* Records provided:
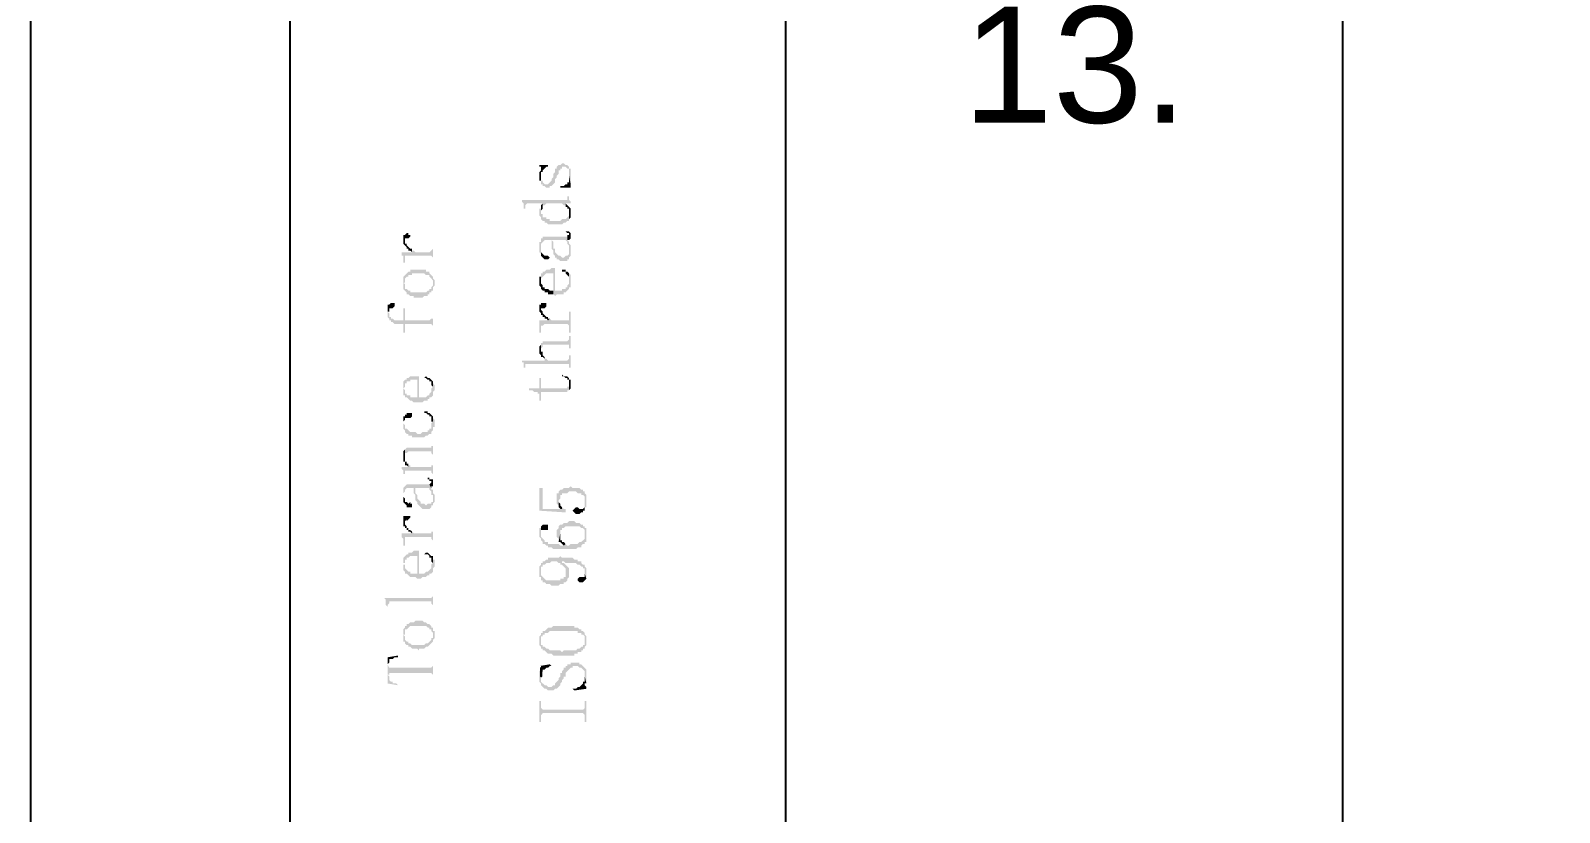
# Model space of a CAD drawing. Header units: millimetres. Extents: x 7018 to 13530, y 4187 to 5692.
# Drawn here: x 7965.94 to 8005.49, y 5078.66 to 5098.87 of the extents above; entities that cross this region are included whole.
import ezdxf

# ---------------------------------------------------------------- set-up
doc = ezdxf.new("R2010")
doc.units = ezdxf.units.MM
doc.styles.get("Standard").update_dxf_attribs({"font": 'arial.ttf'})

msp = doc.modelspace()

# ---------------------------------------------------------------- hatches: boundary and pattern name
at = {"transparency": 33554559}
for points in [[(7979.104, 5095.393), (7979.104, 5095.348), (7979.149, 5095.348), (7979.149, 5094.942), (7979.149, 5095.122), (7979.149, 5095.213), (7979.194, 5095.213), (7979.194, 5095.258), (7979.24, 5095.303), (7979.24, 5095.303), (7979.285, 5095.348), (7979.33, 5095.348), (7979.33, 5095.393)], [(7979.104, 5095.122), (7979.104, 5094.987), (7979.149, 5094.987), (7979.149, 5094.942), (7979.149, 5095.303), (7979.149, 5095.258), (7979.104, 5095.213)], [(7979.149, 5094.942), (7979.149, 5094.897), (7979.194, 5094.897), (7979.194, 5094.852), (7979.24, 5094.852), (7979.285, 5094.806), (7979.375, 5094.806), (7979.375, 5094.852), (7979.42, 5094.852), (7979.465, 5094.897), (7979.465, 5094.897), (7979.51, 5094.942), (7979.51, 5095.032), (7979.556, 5095.077), (7979.556, 5095.122), (7979.601, 5095.167), (7979.601, 5095.258), (7979.646, 5095.258), (7979.646, 5095.303), (7979.691, 5095.303), (7979.691, 5095.348), (7979.781, 5095.348), (7979.826, 5095.303), (7979.871, 5095.303), (7979.871, 5095.258), (7979.871, 5095.122), (7979.917, 5094.897), (7979.917, 5094.942), (7979.917, 5095.032), (7979.917, 5095.213), (7979.917, 5095.303), (7979.871, 5095.303), (7979.871, 5095.348), (7979.871, 5095.348), (7979.826, 5095.393), (7979.781, 5095.393), (7979.736, 5095.438), (7979.691, 5095.438), (7979.646, 5095.393), (7979.601, 5095.393), (7979.556, 5095.348), (7979.556, 5095.303), (7979.51, 5095.303), (7979.51, 5095.213), (7979.465, 5095.167), (7979.465, 5095.077), (7979.42, 5095.032), (7979.42, 5094.987), (7979.375, 5094.942), (7979.375, 5094.942), (7979.33, 5094.897), (7979.24, 5094.897), (7979.194, 5094.942), (7979.194, 5094.987), (7979.149, 5094.987), (7979.149, 5095.122)], [(7979.646, 5094.852), (7979.646, 5094.806), (7979.917, 5094.806), (7979.917, 5094.852), (7979.917, 5094.897), (7979.917, 5094.897), (7979.871, 5095.122), (7979.871, 5095.032), (7979.871, 5094.942), (7979.826, 5094.942), (7979.826, 5094.897), (7979.781, 5094.897), (7979.736, 5094.852), (7979.691, 5094.852)], [(7978.653, 5094.49), (7978.653, 5094.445), (7978.698, 5094.4), (7978.698, 5094.265), (7978.743, 5094.265), (7978.743, 5094.355), (7978.743, 5094.355), (7978.788, 5094.4), (7979.194, 5094.4), (7979.194, 5094.355), (7979.24, 5094.355), (7979.285, 5094.4), (7979.691, 5094.4), (7979.736, 5094.355), (7979.781, 5094.355), (7979.781, 5094.4), (7979.917, 5094.4), (7979.917, 5094.445), (7979.871, 5094.49), (7979.871, 5094.581), (7979.826, 5094.581), (7979.826, 5094.536), (7979.826, 5094.49), (7979.781, 5094.49)], [(7979.149, 5094.31), (7979.149, 5094.175), (7979.149, 5094.22), (7979.194, 5094.265), (7979.194, 5094.31), (7979.194, 5094.4), (7979.194, 5094.4), (7979.149, 5094.355)], [(7979.781, 5094.355), (7979.781, 5094.31), (7979.826, 5094.31), (7979.826, 5094.265), (7979.871, 5094.265), (7979.871, 5093.994), (7979.917, 5094.039), (7979.917, 5094.175), (7979.917, 5094.22), (7979.917, 5094.265), (7979.871, 5094.31), (7979.871, 5094.31), (7979.826, 5094.355), (7979.826, 5094.355), (7979.781, 5094.4)], [(7979.104, 5094.175), (7979.104, 5094.084), (7979.149, 5094.039), (7979.149, 5093.994), (7979.194, 5093.949), (7979.24, 5093.949), (7979.24, 5093.904), (7979.285, 5093.904), (7979.33, 5093.859), (7979.691, 5093.859), (7979.736, 5093.904), (7979.781, 5093.904), (7979.826, 5093.949), (7979.871, 5093.949), (7979.871, 5094.175), (7979.871, 5094.084), (7979.826, 5094.039), (7979.826, 5094.039), (7979.781, 5093.994), (7979.691, 5093.994), (7979.646, 5093.949), (7979.375, 5093.949), (7979.375, 5093.994), (7979.285, 5093.994), (7979.285, 5094.039), (7979.194, 5094.039), (7979.194, 5094.129), (7979.149, 5094.129), (7979.149, 5094.31), (7979.149, 5094.265), (7979.104, 5094.265), (7979.104, 5094.22)], [(7975.584, 5093.452), (7975.584, 5093.362), (7975.584, 5093.362), (7975.629, 5093.317), (7975.629, 5093.452), (7975.629, 5093.498), (7975.719, 5093.498), (7975.764, 5093.543), (7975.764, 5093.588), (7975.719, 5093.588), (7975.719, 5093.633), (7975.674, 5093.633), (7975.629, 5093.588), (7975.584, 5093.588), (7975.584, 5093.498)], [(7979.736, 5093.678), (7979.781, 5093.678), (7979.826, 5093.633), (7979.871, 5093.633), (7979.871, 5093.452), (7979.917, 5093.498), (7979.917, 5093.588), (7979.917, 5093.633), (7979.871, 5093.678), (7979.781, 5093.678)], [(7979.826, 5093.543), (7979.826, 5093.452), (7979.871, 5093.452), (7979.871, 5093.588), (7979.826, 5093.588)], [(7975.539, 5093.137), (7975.539, 5093.046), (7975.584, 5093.046), (7975.584, 5092.956), (7975.584, 5092.866), (7975.629, 5092.866), (7975.629, 5093.001), (7975.629, 5093.046), (7976.306, 5093.046), (7976.351, 5093.001), (7976.351, 5092.866), (7976.351, 5093.362), (7976.351, 5093.227), (7976.351, 5093.227), (7976.306, 5093.182), (7976.306, 5093.182), (7976.261, 5093.137), (7975.9, 5093.137), (7975.855, 5093.182), (7975.81, 5093.182), (7975.81, 5093.137)], [(7975.629, 5093.317), (7975.629, 5093.317), (7975.674, 5093.272), (7975.674, 5093.227), (7975.719, 5093.227), (7975.719, 5093.182), (7975.764, 5093.182), (7975.81, 5093.137), (7975.81, 5093.227), (7975.764, 5093.227), (7975.719, 5093.272), (7975.719, 5093.272), (7975.674, 5093.317), (7975.674, 5093.362), (7975.629, 5093.362), (7975.629, 5093.452)], [(7979.104, 5093.272), (7979.104, 5093.227), (7979.104, 5093.137), (7979.149, 5093.091), (7979.149, 5093.046), (7979.149, 5093.272), (7979.149, 5093.362), (7979.194, 5093.407), (7979.194, 5093.407), (7979.24, 5093.452), (7979.42, 5093.452), (7979.42, 5093.227), (7979.42, 5093.452), (7979.781, 5093.452), (7979.826, 5093.407), (7979.826, 5093.362), (7979.826, 5093.362), (7979.871, 5093.317), (7979.871, 5093.272), (7979.871, 5093.182), (7979.871, 5093.362), (7979.871, 5093.407), (7979.826, 5093.452), (7979.826, 5093.543), (7979.194, 5093.543), (7979.194, 5093.498), (7979.149, 5093.498), (7979.149, 5093.407), (7979.104, 5093.407), (7979.104, 5093.317)], [(7979.149, 5093.046), (7979.149, 5093.046), (7979.194, 5093.001), (7979.194, 5093.001), (7979.24, 5092.956), (7979.33, 5092.956), (7979.375, 5093.001), (7979.33, 5093.046), (7979.24, 5093.046), (7979.194, 5093.091), (7979.194, 5093.091), (7979.149, 5093.137), (7979.149, 5093.272)], [(7979.42, 5093.227), (7979.465, 5093.182), (7979.465, 5093.091), (7979.465, 5093.091), (7979.51, 5093.046), (7979.51, 5093.001), (7979.556, 5093.001), (7979.556, 5092.956), (7979.601, 5092.956), (7979.646, 5092.911), (7979.826, 5092.911), (7979.826, 5092.956), (7979.871, 5092.956), (7979.871, 5093.001), (7979.917, 5093.046), (7979.917, 5093.182), (7979.917, 5093.272), (7979.917, 5093.317), (7979.917, 5093.317), (7979.871, 5093.362), (7979.871, 5093.091), (7979.871, 5093.091), (7979.826, 5093.046), (7979.781, 5093.046), (7979.736, 5093.001), (7979.691, 5093.001), (7979.646, 5093.046), (7979.601, 5093.046), (7979.556, 5093.091), (7979.556, 5093.091), (7979.51, 5093.137), (7979.51, 5093.227), (7979.465, 5093.227), (7979.465, 5093.407), (7979.42, 5093.452)], [(7975.584, 5092.505), (7975.584, 5092.324), (7975.584, 5092.324), (7975.629, 5092.369), (7975.629, 5092.414), (7975.629, 5092.46), (7975.674, 5092.505), (7975.719, 5092.505), (7975.719, 5092.55), (7975.81, 5092.55), (7975.81, 5092.595), (7976.125, 5092.595), (7976.171, 5092.55), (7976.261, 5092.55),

* Work order: Lines from the start of the material through the line containing "import ezdxf" are to be restated word for word; no picture may be included.

* Expected answer:
# Model space of a CAD drawing. Header units: millimetres. Extents: x 7018 to 13530, y 4187 to 5692.
# Drawn here: x 7965.94 to 8005.49, y 5078.66 to 5098.87 of the extents above; entities that cross this region are included whole.
import ezdxf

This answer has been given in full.